**YOUR TASK:** Could the data below be retyped exactly, without its pictures?

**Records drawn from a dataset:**

☆ ☆ ☆ ☆

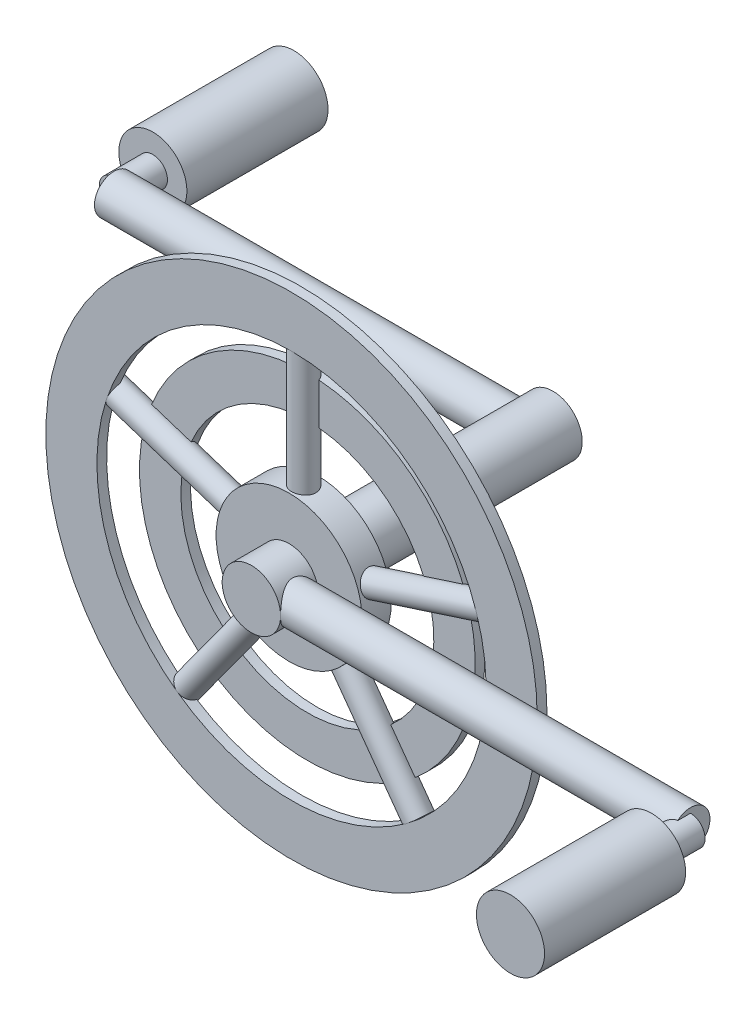
from build123d import *

# Parameters (mm, degrees)
EJE_PEDALIER_PROFILE_R   = 12
ARANA_CENTRO_PROFILE_R   = 30
BRAZO_ARANA_PROFILE_R    = 5
MATRIZ_BRAZOS_COUNT      = 5
PLATO_GRANDE_START       = 41.5
SK_PLATO_GRANDE_R        = 101
SK_PLATO_GRANDE_R_2      = 80
PLATO_GRANDE_DEPTH       = 4
PLATO_PEQUENO_START      = 35
SK_PLATO_PEQUENO_R       = 69
SK_PLATO_PEQUENO_R_2     = 52
PLATO_PEQUENO_DEPTH      = 4
BIELA_DCHA_PROFILE_R     = 8
BIELA_IZQ_PROFILE_R      = 8
EJE_PEDAL_DCHO_PROFILE_R = 6
EJE_PEDAL_IZQ_PROFILE_R  = 6
PEDAL_DCHO_PROFILE_R     = 14
PEDAL_IZQ_PROFILE_R      = 14


with BuildPart() as part:
    # Eje_pedalier: sweep along a curve in space
    with BuildLine() as eje_pedalier_path:
        Line((0, 0, -62), (0, 0, 62))
    # Eje_pedalier profile (on start of the path) → Eje_pedalier (sweep)
    with BuildSketch(Plane.XY.offset(-62)):
        Circle(EJE_PEDALIER_PROFILE_R)
    sweep(path=eje_pedalier_path.line)

    # Arana_centro: sweep along a curve in space
    with BuildLine() as arana_centro_path:
        Line((0, 0, 34.5), (0, 0, 46.5))
    # Arana_centro profile (on start of the path) → Arana_centro (sweep)
    with BuildSketch(Plane.XY.offset(34.5)):
        Circle(ARANA_CENTRO_PROFILE_R)
    sweep(path=arana_centro_path.line)

    # Brazo_arana: sweep along a curve in space
    with BuildLine() as brazo_arana_path:
        Line((0, 0, 40.5), (0, 90, 40.5))
    # Brazo_arana profile (on start of the path) → Brazo_arana (sweep)
    with BuildSketch(Plane(origin=(0, 0, 40.5), x_dir=(0, 0, 1), z_dir=(0, 1, 0))):
        Circle(BRAZO_ARANA_PROFILE_R)
    brazo_arana = sweep(path=brazo_arana_path.line)

    # Matriz_brazos: Brazo_arana ×5 about axis
    matriz_brazos_axis = Axis((0, 0, -62), (0, 0, 1))
    for i in range(1, MATRIZ_BRAZOS_COUNT):
        add(brazo_arana.rotate(matriz_brazos_axis, i * 360 / MATRIZ_BRAZOS_COUNT))

    # Sk_Plato_grande → Plato_grande (add)
    with BuildSketch(Plane.XY.offset(PLATO_GRANDE_START)):
        Circle(SK_PLATO_GRANDE_R)
        Circle(SK_PLATO_GRANDE_R_2, mode=Mode.SUBTRACT)
    extrude(amount=PLATO_GRANDE_DEPTH)

    # Sk_Plato_pequeno → Plato_pequeno (add)
    with BuildSketch(Plane.XY.offset(PLATO_PEQUENO_START)):
        Circle(SK_PLATO_PEQUENO_R)
        Circle(SK_PLATO_PEQUENO_R_2, mode=Mode.SUBTRACT)
    extrude(amount=PLATO_PEQUENO_DEPTH)

    # Biela_dcha: sweep along a curve in space
    with BuildLine() as biela_dcha_path:
        Line((0, 0, 54), (172.5, 0, 54))
    # Biela_dcha profile (on start of the path) → Biela_dcha (sweep)
    with BuildSketch(Plane(origin=(0, 0, 54), x_dir=(0, 0, 1), z_dir=(1, 0, 0))):
        Circle(BIELA_DCHA_PROFILE_R)
    sweep(path=biela_dcha_path.line)

    # Biela_izq: sweep along a curve in space
    with BuildLine() as biela_izq_path:
        Line((0, 0, -54), (-172.5, 0, -54))
    # Biela_izq profile (on start of the path) → Biela_izq (sweep)
    with BuildSketch(Plane(origin=(0, 0, -54), x_dir=(0, 0, -1), z_dir=(-1, 0, 0))):
        Circle(BIELA_IZQ_PROFILE_R)
    sweep(path=biela_izq_path.line)

    # Eje_pedal_dcho: sweep along a curve in space
    with BuildLine() as eje_pedal_dcho_path:
        Line((172.5, 0, 54), (172.5, 0, 75))
    # Eje_pedal_dcho profile (on start of the path) → Eje_pedal_dcho (sweep)
    with BuildSketch(Plane(origin=(172.5, 0, 54), x_dir=(1, 0, 0), z_dir=(0, 0, 1))):
        Circle(EJE_PEDAL_DCHO_PROFILE_R)
    sweep(path=eje_pedal_dcho_path.line)

    # Eje_pedal_izq: sweep along a curve in space
    with BuildLine() as eje_pedal_izq_path:
        Line((-172.5, 0, -54), (-172.5, 0, -75))
    # Eje_pedal_izq profile (on start of the path) → Eje_pedal_izq (sweep)
    with BuildSketch(Plane(origin=(-172.5, 0, -54), x_dir=(-1, 0, 0), z_dir=(0, 0, -1))):
        Circle(EJE_PEDAL_IZQ_PROFILE_R)
    sweep(path=eje_pedal_izq_path.line)

    # Pedal_dcho: sweep along a curve in space
    with BuildLine() as pedal_dcho_path:
        Line((172.5, 0, 70), (172.5, 0, 128))
    # Pedal_dcho profile (on start of the path) → Pedal_dcho (sweep)
    with BuildSketch(Plane(origin=(172.5, 0, 70), x_dir=(1, 0, 0), z_dir=(0, 0, 1))):
        Circle(PEDAL_DCHO_PROFILE_R)
    sweep(path=pedal_dcho_path.line)

    # Pedal_izq: sweep along a curve in space
    with BuildLine() as pedal_izq_path:
        Line((-172.5, 0, -128), (-172.5, 0, -70))
    # Pedal_izq profile (on start of the path) → Pedal_izq (sweep)
    with BuildSketch(Plane(origin=(-172.5, 0, -128), x_dir=(1, 0, 0), z_dir=(0, 0, 1))):
        Circle(PEDAL_IZQ_PROFILE_R)
    sweep(path=pedal_izq_path.line)


solid = part.part

☆ ☆ ☆ ☆

**REPLY:**
from build123d import *

# Parameters (mm, degrees)
EJE_PEDALIER_PROFILE_R   = 12
ARANA_CENTRO_PROFILE_R   = 30
BRAZO_ARANA_PROFILE_R    = 5
MATRIZ_BRAZOS_COUNT      = 5
PLATO_GRANDE_START       = 41.5
SK_PLATO_GRANDE_R        = 101
SK_PLATO_GRANDE_R_2      = 80
PLATO_GRANDE_DEPTH       = 4
PLATO_PEQUENO_START      = 35
SK_PLATO_PEQUENO_R       = 69
SK_PLATO_PEQUENO_R_2     = 52
PLATO_PEQUENO_DEPTH      = 4
BIELA_DCHA_PROFILE_R     = 8
BIELA_IZQ_PROFILE_R      = 8
EJE_PEDAL_DCHO_PROFILE_R = 6
EJE_PEDAL_IZQ_PROFILE_R  = 6
PEDAL_DCHO_PROFILE_R     = 14
PEDAL_IZQ_PROFILE_R      = 14


with BuildPart() as part:
    # Eje_pedalier: sweep along a curve in space
    with BuildLine() as eje_pedalier_path:
        Line((0, 0, -62), (0, 0, 62))
    # Eje_pedalier profile (on start of the path) → Eje_pedalier (sweep)
    with BuildSketch(Plane.XY.offset(-62)):
        Circle(EJE_PEDALIER_PROFILE_R)
    sweep(path=eje_pedalier_path.line)

    # Arana_centro: sweep along a curve in space
    with BuildLine() as arana_centro_path:
        Line((0, 0, 34.5), (0, 0, 46.5))
    # Arana_centro profile (on start of the path) → Arana_centro (sweep)
    with BuildSketch(Plane.XY.offset(34.5)):
        Circle(ARANA_CENTRO_PROFILE_R)
    sweep(path=arana_centro_path.line)

    # Brazo_arana: sweep along a curve in space
    with BuildLine() as brazo_arana_path:
        Line((0, 0, 40.5), (0, 90, 40.5))
    # Brazo_arana profile (on start of the path) → Brazo_arana (sweep)
    with BuildSketch(Plane(origin=(0, 0, 40.5), x_dir=(0, 0, 1), z_dir=(0, 1, 0))):
        Circle(BRAZO_ARANA_PROFILE_R)
    brazo_arana = sweep(path=brazo_arana_path.line)

    # Matriz_brazos: Brazo_arana ×5 about axis
    matriz_brazos_axis = Axis((0, 0, -62), (0, 0, 1))
    for i in range(1, MATRIZ_BRAZOS_COUNT):
        add(brazo_arana.rotate(matriz_brazos_axis, i * 360 / MATRIZ_BRAZOS_COUNT))

    # Sk_Plato_grande → Plato_grande (add)
    with BuildSketch(Plane.XY.offset(PLATO_GRANDE_START)):
        Circle(SK_PLATO_GRANDE_R)
        Circle(SK_PLATO_GRANDE_R_2, mode=Mode.SUBTRACT)
    extrude(amount=PLATO_GRANDE_DEPTH)

    # Sk_Plato_pequeno → Plato_pequeno (add)
    with BuildSketch(Plane.XY.offset(PLATO_PEQUENO_START)):
        Circle(SK_PLATO_PEQUENO_R)
        Circle(SK_PLATO_PEQUENO_R_2, mode=Mode.SUBTRACT)
    extrude(amount=PLATO_PEQUENO_DEPTH)

    # Biela_dcha: sweep along a curve in space
    with BuildLine() as biela_dcha_path:
        Line((0, 0, 54), (172.5, 0, 54))
    # Biela_dcha profile (on start of the path) → Biela_dcha (sweep)
    with BuildSketch(Plane(origin=(0, 0, 54), x_dir=(0, 0, 1), z_dir=(1, 0, 0))):
        Circle(BIELA_DCHA_PROFILE_R)
    sweep(path=biela_dcha_path.line)

    # Biela_izq: sweep along a curve in space
    with BuildLine() as biela_izq_path:
        Line((0, 0, -54), (-172.5, 0, -54))
    # Biela_izq profile (on start of the path) → Biela_izq (sweep)
    with BuildSketch(Plane(origin=(0, 0, -54), x_dir=(0, 0, -1), z_dir=(-1, 0, 0))):
        Circle(BIELA_IZQ_PROFILE_R)
    sweep(path=biela_izq_path.line)

    # Eje_pedal_dcho: sweep along a curve in space
    with BuildLine() as eje_pedal_dcho_path:
        Line((172.5, 0, 54), (172.5, 0, 75))
    # Eje_pedal_dcho profile (on start of the path) → Eje_pedal_dcho (sweep)
    with BuildSketch(Plane(origin=(172.5, 0, 54), x_dir=(1, 0, 0), z_dir=(0, 0, 1))):
        Circle(EJE_PEDAL_DCHO_PROFILE_R)
    sweep(path=eje_pedal_dcho_path.line)

    # Eje_pedal_izq: sweep along a curve in space
    with BuildLine() as eje_pedal_izq_path:
        Line((-172.5, 0, -54), (-172.5, 0, -75))
    # Eje_pedal_izq profile (on start of the path) → Eje_pedal_izq (sweep)
    with BuildSketch(Plane(origin=(-172.5, 0, -54), x_dir=(-1, 0, 0), z_dir=(0, 0, -1))):
        Circle(EJE_PEDAL_IZQ_PROFILE_R)
    sweep(path=eje_pedal_izq_path.line)

    # Pedal_dcho: sweep along a curve in space
    with BuildLine() as pedal_dcho_path:
        Line((172.5, 0, 70), (172.5, 0, 128))
    # Pedal_dcho profile (on start of the path) → Pedal_dcho (sweep)
    with BuildSketch(Plane(origin=(172.5, 0, 70), x_dir=(1, 0, 0), z_dir=(0, 0, 1))):
        Circle(PEDAL_DCHO_PROFILE_R)
    sweep(path=pedal_dcho_path.line)

    # Pedal_izq: sweep along a curve in space
    with BuildLine() as pedal_izq_path:
        Line((-172.5, 0, -128), (-172.5, 0, -70))
    # Pedal_izq profile (on start of the path) → Pedal_izq (sweep)
    with BuildSketch(Plane(origin=(-172.5, 0, -128), x_dir=(1, 0, 0), z_dir=(0, 0, 1))):
        Circle(PEDAL_IZQ_PROFILE_R)
    sweep(path=pedal_izq_path.line)


solid = part.part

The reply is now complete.